Tonight is the final game of the season series between Durham and Pawtucket. (That was fast.) The matchup boasts no Dice-K, but it is a promising one nonetheless. The Bulls’ Chris Archer, who has been in a good groove lately, looks to stay funky against the PawSox’ Ross Ohlendorf. Ohlendorf is one of those promising right-handers with good stuff who hasn’t quite put it together and is thus no longer promising, despite a pretty successful 2009 season in the majors with Pittsburgh. Through seven starts this season he has been only okay (4.91 ERA), but who cares about that when there is this?
Ohlendorf majored in Operations Research and Financial Engineering at Princeton University where in 2002, as a freshman pitcher, he was named the Ivy League Rookie of the Year. Ohlendorf, a second-team All-Ivy selection, was 3rd in the League with a 3.02 ERA. He finished with a 6-2 record. As a student, he penned a 140-page senior thesis entitled Investing in Prospects: A Look at the Financial Successes of Major League Baseball Rule IV Drafts from 1989 to 1993. Ohlendorf was one of six Ivy Leaguers on major league rosters at the beginning of the 2009 season.
Ohlendorf completed his degree at Princeton in 2006 while in the Arizona Diamondbacks’ farm system. He received the George Mueller Award from the university for combining “high scholarly achievement in the study of engineering with quality performance in intercollegiate athletics”. In his senior thesis, Ohlendorf used sabermetrics to demonstrate the return on investment from the Major League Baseball Draft.

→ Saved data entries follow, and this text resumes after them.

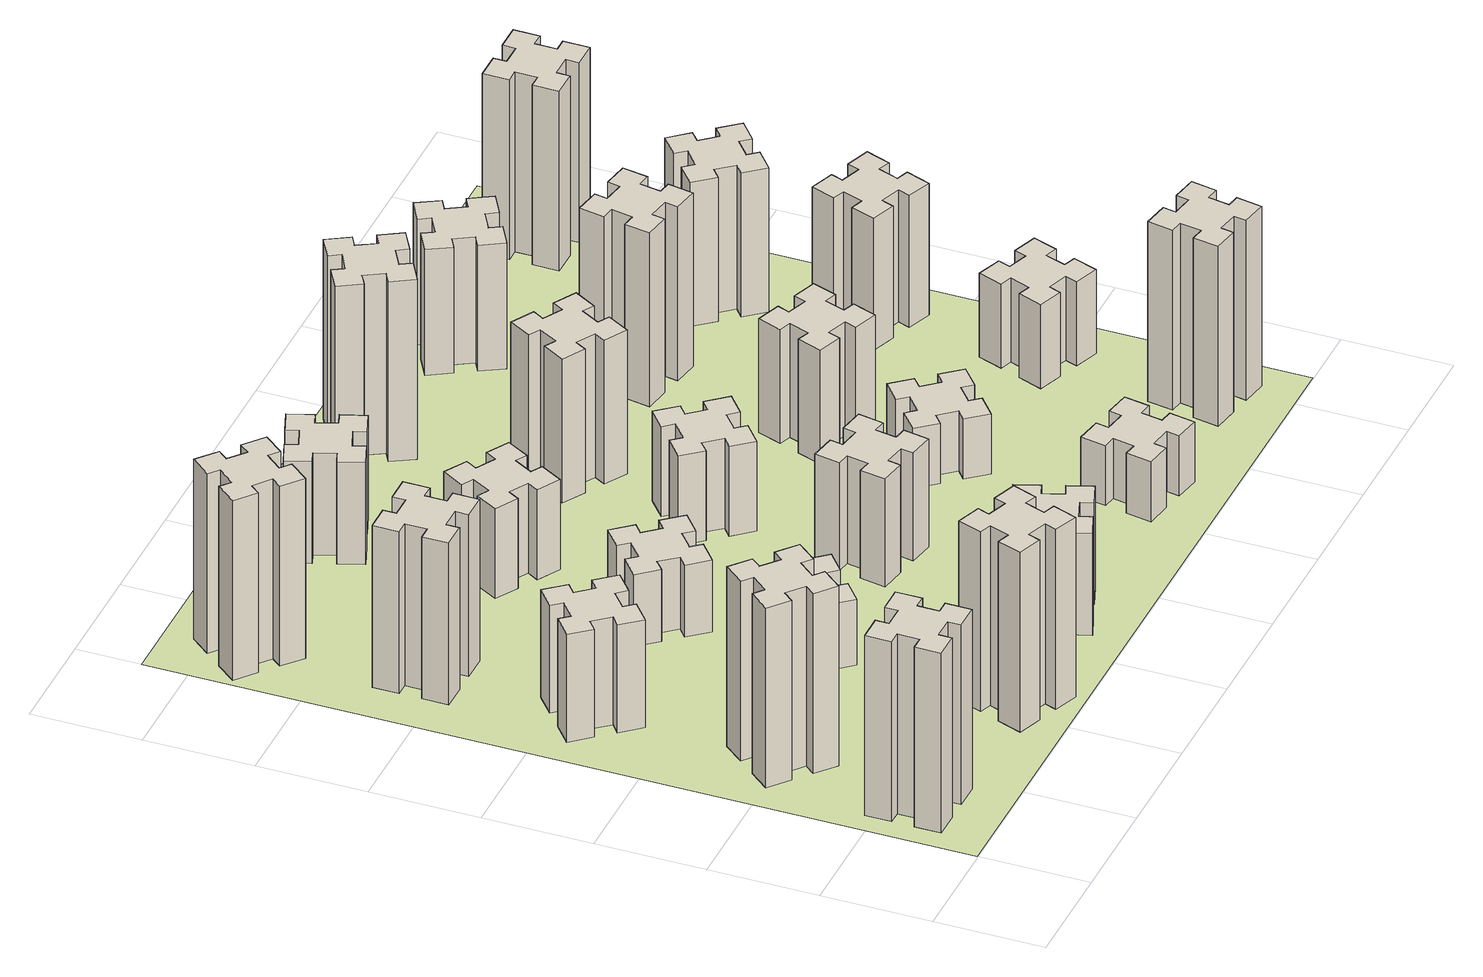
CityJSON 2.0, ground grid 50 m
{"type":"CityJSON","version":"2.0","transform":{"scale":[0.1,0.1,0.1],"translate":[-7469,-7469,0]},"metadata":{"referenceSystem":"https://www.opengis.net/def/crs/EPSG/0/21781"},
"CityObjects":{
"building1":{"type":"Building","attributes":{"class":"1000","function":"1000","usage":"1000","yearOfConstruction":2016,"roofType":"1000","measuredHeight":90,"storeysAboveGround":30,"storeysBelowGround":0},"geometry":[{"type":"Solid","lod":"1","boundaries":[[[[0,1,2,3,4,5,6,7,8,9,10,11,12,13,14,15,16,17,18,19]],[[17,16,20,21]],[[16,15,22,20]],[[15,14,23,22]],[[14,13,24,23]],[[13,12,25,24]],[[12,11,26,25]],[[11,10,27,26]],[[10,9,28,27]],[[9,8,29,28]],[[8,7,30,29]],[[7,6,31,30]],[[6,5,32,31]],[[5,4,33,32]],[[4,3,34,33]],[[3,2,35,34]],[[2,1,36,35]],[[1,0,37,36]],[[0,19,38,37]],[[19,18,39,38]],[[18,17,21,39]],[[24,25,26,27,28,29,30,31,32,33,34,35,36,37,38,39,21,20,22,23]]]]}]},
"building2":{"type":"Building","attributes":{"class":"1000","function":"1000","usage":"1000","yearOfConstruction":2016,"roofType":"1000","measuredHeight":90,"storeysAboveGround":30,"storeysBelowGround":0},"geometry":[{"type":"Solid","lod":"1","boundaries":[[[[40,41,42,43,44,45,46,47,48,49,50,51,52,53,54,55,56,57,58,59]],[[57,56,60,61]],[[56,55,62,60]],[[55,54,63,62]],[[54,53,64,63]],[[53,52,65,64]],[[52,51,66,65]],[[51,50,67,66]],[[50,49,68,67]],[[49,48,69,68]],[[48,47,70,69]],[[47,46,71,70]],[[46,45,72,71]],[[45,44,73,72]],[[44,43,74,73]],[[43,42,75,74]],[[42,41,76,75]],[[41,40,77,76]],[[40,59,78,77]],[[59,58,79,78]],[[58,57,61,79]],[[64,65,66,67,68,69,70,71,72,73,74,75,76,77,78,79,61,60,62,63]]]]}]},
"building3":{"type":"Building","attributes":{"class":"1000","function":"1000","usage":"1000","yearOfConstruction":2016,"roofType":"1000","measuredHeight":54,"storeysAboveGround":30,"storeysBelowGround":0},"geometry":[{"type":"Solid","lod":"1","boundaries":[[[[80,81,82,83,84,85,86,87,88,89,90,91,92,93,94,95,96,97,98,99]],[[97,96,100,101]],[[96,95,102,100]],[[95,94,103,102]],[[94,93,104,103]],[[93,92,105,104]],[[92,91,106,105]],[[91,90,107,106]],[[90,89,108,107]],[[89,88,109,108]],[[88,87,110,109]],[[87,86,111,110]],[[86,85,112,111]],[[85,84,113,112]],[[84,83,114,113]],[[83,82,115,114]],[[82,81,116,115]],[[81,80,117,116]],[[80,99,118,117]],[[99,98,119,118]],[[98,97,101,119]],[[104,105,106,107,108,109,110,111,112,113,114,115,116,117,118,119,101,100,102,103]]]]}]},
"building4":{"type":"Building","attributes":{"class":"1000","function":"1000","usage":"1000","yearOfConstruction":2016,"roofType":"1000","measuredHeight":81,"storeysAboveGround":30,"storeysBelowGround":0},"geometry":[{"type":"Solid","lod":"1","boundaries":[[[[120,121,122,123,124,125,126,127,128,129,130,131,132,133,134,135,136,137,138,139]],[[137,136,140,141]],[[136,135,142,140]],[[135,134,143,142]],[[134,133,144,143]],[[133,132,145,144]],[[132,131,146,145]],[[131,130,147,146]],[[130,129,148,147]],[[129,128,149,148]],[[128,127,150,149]],[[127,126,151,150]],[[126,125,152,151]],[[125,124,153,152]],[[124,123,154,153]],[[123,122,155,154]],[[122,121,156,155]],[[121,120,157,156]],[[120,139,158,157]],[[139,138,159,158]],[[138,137,141,159]],[[144,145,146,147,148,149,150,151,152,153,154,155,156,157,158,159,141,140,142,143]]]]}]},
"building5":{"type":"Building","attributes":{"class":"1000","function":"1000","usage":"1000","yearOfConstruction":2016,"roofType":"1000","measuredHeight":90,"storeysAboveGround":30,"storeysBelowGround":0},"geometry":[{"type":"Solid","lod":"1","boundaries":[[[[160,161,162,163,164,165,166,167,168,169,170,171,172,173,174,175,176,177,178,179]],[[177,176,180,181]],[[176,175,182,180]],[[175,174,183,182]],[[174,173,184,183]],[[173,172,185,184]],[[172,171,186,185]],[[171,170,187,186]],[[170,169,188,187]],[[169,168,189,188]],[[168,167,190,189]],[[167,166,191,190]],[[166,165,192,191]],[[165,164,193,192]],[[164,163,194,193]],[[163,162,195,194]],[[162,161,196,195]],[[161,160,197,196]],[[160,179,198,197]],[[179,178,199,198]],[[178,177,181,199]],[[184,185,186,187,188,189,190,191,192,193,194,195,196,197,198,199,181,180,182,183]]]]}]},
"building6":{"type":"Building","attributes":{"class":"1000","function":"1000","usage":"1000","yearOfConstruction":2016,"roofType":"1000","measuredHeight":90,"storeysAboveGround":30,"storeysBelowGround":0},"geometry":[{"type":"Solid","lod":"1","boundaries":[[[[200,201,202,203,204,205,206,207,208,209,210,211,212,213,214,215,216,217,218,219]],[[217,216,220,221]],[[216,215,222,220]],[[215,214,223,222]],[[214,213,224,223]],[[213,212,225,224]],[[212,211,226,225]],[[211,210,227,226]],[[210,209,228,227]],[[209,208,229,228]],[[208,207,230,229]],[[207,206,231,230]],[[206,205,232,231]],[[205,204,233,232]],[[204,203,234,233]],[[203,202,235,234]],[[202,201,236,235]],[[201,200,237,236]],[[200,219,238,237]],[[219,218,239,238]],[[218,217,221,239]],[[224,225,226,227,228,229,230,231,232,233,234,235,236,237,238,239,221,220,222,223]]]]}]},
"building7":{"type":"Building","attributes":{"class":"1000","function":"1000","usage":"1000","yearOfConstruction":2016,"roofType":"1000","measuredHeight":33,"storeysAboveGround":30,"storeysBelowGround":0},"geometry":[{"type":"Solid","lod":"1","boundaries":[[[[240,241,242,243,244,245,246,247,248,249,250,251,252,253,254,255,256,257,258,259]],[[257,256,260,261]],[[256,255,262,260]],[[255,254,263,262]],[[254,253,264,263]],[[253,252,265,264]],[[252,251,266,265]],[[251,250,267,266]],[[250,249,268,267]],[[249,248,269,268]],[[248,247,270,269]],[[247,246,271,270]],[[246,245,272,271]],[[245,244,273,272]],[[244,243,274,273]],[[243,242,275,274]],[[242,241,276,275]],[[241,240,277,276]],[[240,259,278,277]],[[259,258,279,278]],[[258,257,261,279]],[[264,265,266,267,268,269,270,271,272,273,274,275,276,277,278,279,261,260,262,263]]]]}]},
"building8":{"type":"Building","attributes":{"class":"1000","function":"1000","usage":"1000","yearOfConstruction":2016,"roofType":"1000","measuredHeight":36,"storeysAboveGround":30,"storeysBelowGround":0},"geometry":[{"type":"Solid","lod":"1","boundaries":[[[[280,281,282,283,284,285,286,287,288,289,290,291,292,293,294,295,296,297,298,299]],[[297,296,300,301]],[[296,295,302,300]],[[295,294,303,302]],[[294,293,304,303]],[[293,292,305,304]],[[292,291,306,305]],[[291,290,307,306]],[[290,289,308,307]],[[289,288,309,308]],[[288,287,310,309]],[[287,286,311,310]],[[286,285,312,311]],[[285,284,313,312]],[[284,283,314,313]],[[283,282,315,314]],[[282,281,316,315]],[[281,280,317,316]],[[280,299,318,317]],[[299,298,319,318]],[[298,297,301,319]],[[304,305,306,307,308,309,310,311,312,313,314,315,316,317,318,319,301,300,302,303]]]]}]},
"building9":{"type":"Building","attributes":{"class":"1000","function":"1000","usage":"1000","yearOfConstruction":2016,"roofType":"1000","measuredHeight":51,"storeysAboveGround":30,"storeysBelowGround":0},"geometry":[{"type":"Solid","lod":"1","boundaries":[[[[320,321,322,323,324,325,326,327,328,329,330,331,332,333,334,335,336,337,338,339]],[[337,336,340,341]],[[336,335,342,340]],[[335,334,343,342]],[[334,333,344,343]],[[333,332,345,344]],[[332,331,346,345]],[[331,330,347,346]],[[330,329,348,347]],[[329,328,349,348]],[[328,327,350,349]],[[327,326,351,350]],[[326,325,352,351]],[[325,324,353,352]],[[324,323,354,353]],[[323,322,355,354]],[[322,321,356,355]],[[321,320,357,356]],[[320,339,358,357]],[[339,338,359,358]],[[338,337,341,359]],[[344,345,346,347,348,349,350,351,352,353,354,355,356,357,358,359,341,340,342,343]]]]}]},
"building10":{"type":"Building","attributes":{"class":"1000","function":"1000","usage":"1000","yearOfConstruction":2016,"roofType":"1000","measuredHeight":45,"storeysAboveGround":30,"storeysBelowGround":0},"geometry":[{"type":"Solid","lod":"1","boundaries":[[[[360,361,362,363,364,365,366,367,368,369,370,371,372,373,374,375,376,377,378,379]],[[377,376,380,381]],[[376,375,382,380]],[[375,374,383,382]],[[374,373,384,383]],[[373,372,385,384]],[[372,371,386,385]],[[371,370,387,386]],[[370,369,388,387]],[[369,368,389,388]],[[368,367,390,389]],[[367,366,391,390]],[[366,365,392,391]],[[365,364,393,392]],[[364,363,394,393]],[[363,362,395,394]],[[362,361,396,395]],[[361,360,397,396]],[[360,379,398,397]],[[379,378,399,398]],[[378,377,381,399]],[[384,385,386,387,388,389,390,391,392,393,394,395,396,397,398,399,381,380,382,383]]]]}]},
"building11":{"type":"Building","attributes":{"class":"1000","function":"1000","usage":"1000","yearOfConstruction":2016,"roofType":"1000","measuredHeight":51,"storeysAboveGround":30,"storeysBelowGround":0},"geometry":[{"type":"Solid","lod":"1","boundaries":[[[[400,401,402,403,404,405,406,407,408,409,410,411,412,413,414,415,416,417,418,419]],[[417,416,420,421]],[[416,415,422,420]],[[415,414,423,422]],[[414,413,424,423]],[[413,412,425,424]],[[412,411,426,425]],[[411,410,427,426]],[[410,409,428,427]],[[409,408,429,428]],[[408,407,430,429]],[[407,406,431,430]],[[406,405,432,431]],[[405,404,433,432]],[[404,403,434,433]],[[403,402,435,434]],[[402,401,436,435]],[[401,400,437,436]],[[400,419,438,437]],[[419,418,439,438]],[[418,417,421,439]],[[424,425,426,427,428,429,430,431,432,433,434,435,436,437,438,439,421,420,422,423]]]]}]},
"building12":{"type":"Building","attributes":{"class":"1000","function":"1000","usage":"1000","yearOfConstruction":2016,"roofType":"1000","measuredHeight":54,"storeysAboveGround":30,"storeysBelowGround":0},"geometry":[{"type":"Solid","lod":"1","boundaries":[[[[440,441,442,443,444,445,446,447,448,449,450,451,452,453,454,455,456,457,458,459]],[[457,456,460,461]],[[456,455,462,460]],[[455,454,463,462]],[[454,453,464,463]],[[453,452,465,464]],[[452,451,466,465]],[[451,450,467,466]],[[450,449,468,467]],[[449,448,469,468]],[[448,447,470,469]],[[447,446,471,470]],[[446,445,472,471]],[[445,444,473,472]],[[444,443,474,473]],[[443,442,475,474]],[[442,441,476,475]],[[441,440,477,476]],[[440,459,478,477]],[[459,458,479,478]],[[458,457,461,479]],[[464,465,466,467,468,469,470,471,472,473,474,475,476,477,478,479,461,460,462,463]]]]}]},
"building13":{"type":"Building","attributes":{"class":"1000","function":"1000","usage":"1000","yearOfConstruction":2016,"roofType":"1000","measuredHeight":45,"storeysAboveGround":30,"storeysBelowGround":0},"geometry":[{"type":"Solid","lod":"1","boundaries":[[[[480,481,482,483,484,485,486,487,488,489,490,491,492,493,494,495,496,497,498,499]],[[497,496,500,501]],[[496,495,502,500]],[[495,494,503,502]],[[494,493,504,503]],[[493,492,505,504]],[[492,491,506,505]],[[491,490,507,506]],[[490,489,508,507]],[[489,488,509,508]],[[488,487,510,509]],[[487,486,511,510]],[[486,485,512,511]],[[485,484,513,512]],[[484,483,514,513]],[[483,482,515,514]],[[482,481,516,515]],[[481,480,517,516]],[[480,499,518,517]],[[499,498,519,518]],[[498,497,501,519]],[[504,505,506,507,508,509,510,511,512,513,514,515,516,517,518,519,501,500,502,503]]]]}]},
"building14":{"type":"Building","attributes":{"class":"1000","function":"1000","usage":"1000","yearOfConstruction":2016,"roofType":"1000","measuredHeight":72,"storeysAboveGround":30,"storeysBelowGround":0},"geometry":[{"type":"Solid","lod":"1","boundaries":[[[[520,521,522,523,524,525,526,527,528,529,530,531,532,533,534,535,536,537,538,539]],[[537,536,540,541]],[[536,535,542,540]],[[535,534,543,542]],[[534,533,544,543]],[[533,532,545,544]],[[532,531,546,545]],[[531,530,547,546]],[[530,529,548,547]],[[529,528,549,548]],[[528,527,550,549]],[[527,526,551,550]],[[526,525,552,551]],[[525,524,553,552]],[[524,523,554,553]],[[523,522,555,554]],[[522,521,556,555]],[[521,520,557,556]],[[520,539,558,557]],[[539,538,559,558]],[[538,537,541,559]],[[544,545,546,547,548,549,550,551,552,553,554,555,556,557,558,559,541,540,542,543]]]]}]},
"building15":{"type":"Building","attributes":{"class":"1000","function":"1000","usage":"1000","yearOfConstruction":2016,"roofType":"1000","measuredHeight":30,"storeysAboveGround":30,"storeysBelowGround":0},"geometry":[{"type":"Solid","lod":"1","boundaries":[[[[560,561,562,563,564,565,566,567,568,569,570,571,572,573,574,575,576,577,578,579]],[[577,576,580,581]],[[576,575,582,580]],[[575,574,583,582]],[[574,573,584,583]],[[573,572,585,584]],[[572,571,586,585]],[[571,570,587,586]],[[570,569,588,587]],[[569,568,589,588]],[[568,567,590,589]],[[567,566,591,590]],[[566,565,592,591]],[[565,564,593,592]],[[564,563,594,593]],[[563,562,595,594]],[[562,561,596,595]],[[561,560,597,596]],[[560,579,598,597]],[[579,578,599,598]],[[578,577,581,599]],[[584,585,586,587,588,589,590,591,592,593,594,595,596,597,598,599,581,580,582,583]]]]}]},
"building16":{"type":"Building","attributes":{"class":"1000","function":"1000","usage":"1000","yearOfConstruction":2016,"roofType":"1000","measuredHeight":90,"storeysAboveGround":30,"storeysBelowGround":0},"geometry":[{"type":"Solid","lod":"1","boundaries":[[[[600,601,602,603,604,605,606,607,608,609,610,611,612,613,614,615,616,617,618,619]],[[617,616,620,621]],[[616,615,622,620]],[[615,614,623,622]],[[614,613,624,623]],[[613,612,625,624]],[[612,611,626,625]],[[611,610,627,626]],[[610,609,628,627]],[[609,608,629,628]],[[608,607,630,629]],[[607,606,631,630]],[[606,605,632,631]],[[605,604,633,632]],[[604,603,634,633]],[[603,602,635,634]],[[602,601,636,635]],[[601,600,637,636]],[[600,619,638,637]],[[619,618,639,638]],[[618,617,621,639]],[[624,625,626,627,628,629,630,631,632,633,634,635,636,637,638,639,621,620,622,623]]]]}]},
"building17":{"type":"Building","attributes":{"class":"1000","function":"1000","usage":"1000","yearOfConstruction":2016,"roofType":"1000","measuredHeight":30,"storeysAboveGround":30,"storeysBelowGround":0},"geometry":[{"type":"Solid","lod":"1","boundaries":[[[[640,641,642,643,644,645,646,647,648,649,650,651,652,653,654,655,656,657,658,659]],[[657,656,660,661]],[[656,655,662,660]],[[655,654,663,662]],[[654,653,664,663]],[[653,652,665,664]],[[652,651,666,665]],[[651,650,667,666]],[[650,649,668,667]],[[649,648,669,668]],[[648,647,670,669]],[[647,646,671,670]],[[646,645,672,671]],[[645,644,673,672]],[[644,643,674,673]],[[643,642,675,674]],[[642,641,676,675]],[[641,640,677,676]],[[640,659,678,677]],[[659,658,679,678]],[[658,657,661,679]],[[664,665,666,667,668,669,670,671,672,673,674,675,676,677,678,679,661,660,662,663]]]]}]},
"building18":{"type":"Building","attributes":{"class":"1000","function":"1000","usage":"1000","yearOfConstruction":2016,"roofType":"1000","measuredHeight":57,"storeysAboveGround":30,"storeysBelowGround":0},"geometry":[{"type":"Solid","lod":"1","boundaries":[[[[680,681,682,683,684,685,686,687,688,689,690,691,692,693,694,695,696,697,698,699]],[[697,696,700,701]],[[696,695,702,700]],[[695,694,703,702]],[[694,693,704,703]],[[693,692,705,704]],[[692,691,706,705]],[[691,690,707,706]],[[690,689,708,707]],[[689,688,709,708]],[[688,687,710,709]],[[687,686,711,710]],[[686,685,712,711]],[[685,684,713,712]],[[684,683,714,713]],[[683,682,715,714]],[[682,681,716,715]],[[681,680,717,716]],[[680,699,718,717]],[[699,698,719,718]],[[698,697,701,719]],[[704,705,706,707,708,709,710,711,712,713,714,715,716,717,718,719,701,700,702,703]]]]}]},
"building19":{"type":"Building","attributes":{"class":"1000","function":"1000","usage":"1000","yearOfConstruction":2016,"roofType":"1000","measuredHeight":87,"storeysAboveGround":30,"storeysBelowGround":0},"geometry":[{"type":"Solid","lod":"1","boundaries":[[[[720,721,722,723,724,725,726,727,728,729,730,731,732,733,734,735,736,737,738,739]],[[737,736,740,741]],[[736,735,742,740]],[[735,734,743,742]],[[734,733,744,743]],[[733,732,745,744]],[[732,731,746,745]],[[731,730,747,746]],[[730,729,748,747]],[[729,728,749,748]],[[728,727,750,749]],[[727,726,751,750]],[[726,725,752,751]],[[725,724,753,752]],[[724,723,754,753]],[[723,722,755,754]],[[722,721,756,755]],[[721,720,757,756]],[[720,739,758,757]],[[739,738,759,758]],[[738,737,741,759]],[[744,745,746,747,748,749,750,751,752,753,754,755,756,757,758,759,741,740,742,743]]]]}]},
"building20":{"type":"Building","attributes":{"class":"1000","function":"1000","usage":"1000","yearOfConstruction":2016,"roofType":"1000","measuredHeight":90,"storeysAboveGround":30,"storeysBelowGround":0},"geometry":[{"type":"Solid","lod":"1","boundaries":[[[[760,761,762,763,764,765,766,767,768,769,770,771,772,773,774,775,776,777,778,779]],[[777,776,780,781]],[[776,775,782,780]],[[775,774,783,782]],[[774,773,784,783]],[[773,772,785,784]],[[772,771,786,785]],[[771,770,787,786]],[[770,769,788,787]],[[769,768,789,788]],[[768,767,790,789]],[[767,766,791,790]],[[766,765,792,791]],[[765,764,793,792]],[[764,763,794,793]],[[763,762,795,794]],[[762,761,796,795]],[[761,760,797,796]],[[760,779,798,797]],[[779,778,799,798]],[[778,777,781,799]],[[784,785,786,787,788,789,790,791,792,793,794,795,796,797,798,799,781,780,782,783]]]]}]},
"building21":{"type":"Building","attributes":{"class":"1000","function":"1000","usage":"1000","yearOfConstruction":2016,"roofType":"1000","measuredHeight":63,"storeysAboveGround":30,"storeysBelowGround":0},"geometry":[{"type":"Solid","lod":"1","boundaries":[[[[800,801,802,803,804,805,806,807,808,809,810,811,812,813,814,815,816,817,818,819]],[[817,816,820,821]],[[816,815,822,820]],[[815,814,823,822]],[[814,813,824,823]],[[813,812,825,824]],[[812,811,826,825]],[[811,810,827,826]],[[810,809,828,827]],[[809,808,829,828]],[[808,807,830,829]],[[807,806,831,830]],[[806,805,832,831]],[[805,804,833,832]],[[804,803,834,833]],[[803,802,835,834]],[[802,801,836,835]],[[801,800,837,836]],[[800,819,838,837]],[[819,818,839,838]],[[818,817,821,839]],[[824,825,826,827,828,829,830,831,832,833,834,835,836,837,838,839,821,820,822,823]]]]}]},
"building22":{"type":"Building","attributes":{"class":"1000","function":"1000","usage":"1000","yearOfConstruction":2016,"roofType":"1000","measuredHeight":42,"storeysAboveGround":30,"storeysBelowGround":0},"geometry":[{"type":"Solid","lod":"1","boundaries":[[[[840,841,842,843,844,845,846,847,848,849,850,851,852,853,854,855,856,857,858,859]],[[857,856,860,861]],[[856,855,862,860]],[[855,854,863,862]],[[854,853,864,863]],[[853,852,865,864]],[[852,851,866,865]],[[851,850,867,866]],[[850,849,868,867]],[[849,848,869,868]],[[848,847,870,869]],[[847,846,871,870]],[[846,845,872,871]],[[845,844,873,872]],[[844,843,874,873]],[[843,842,875,874]],[[842,841,876,875]],[[841,840,877,876]],[[840,859,878,877]],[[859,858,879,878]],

Ohlendorf loves to read, especially history books.
He was chosen as the third smartest professional athlete by the Sporting News.
I wonder how he computes his own return on investment? Or is that a conflict of interest, so to speak?
And will he talk lit with Archer, who also loves to read? Will this be a nerd-on-nerd game of brainiac baseball? Will they leave famous quotations for one another on the pitching mound?
From the silkworms, I guess, to the bookworms, then.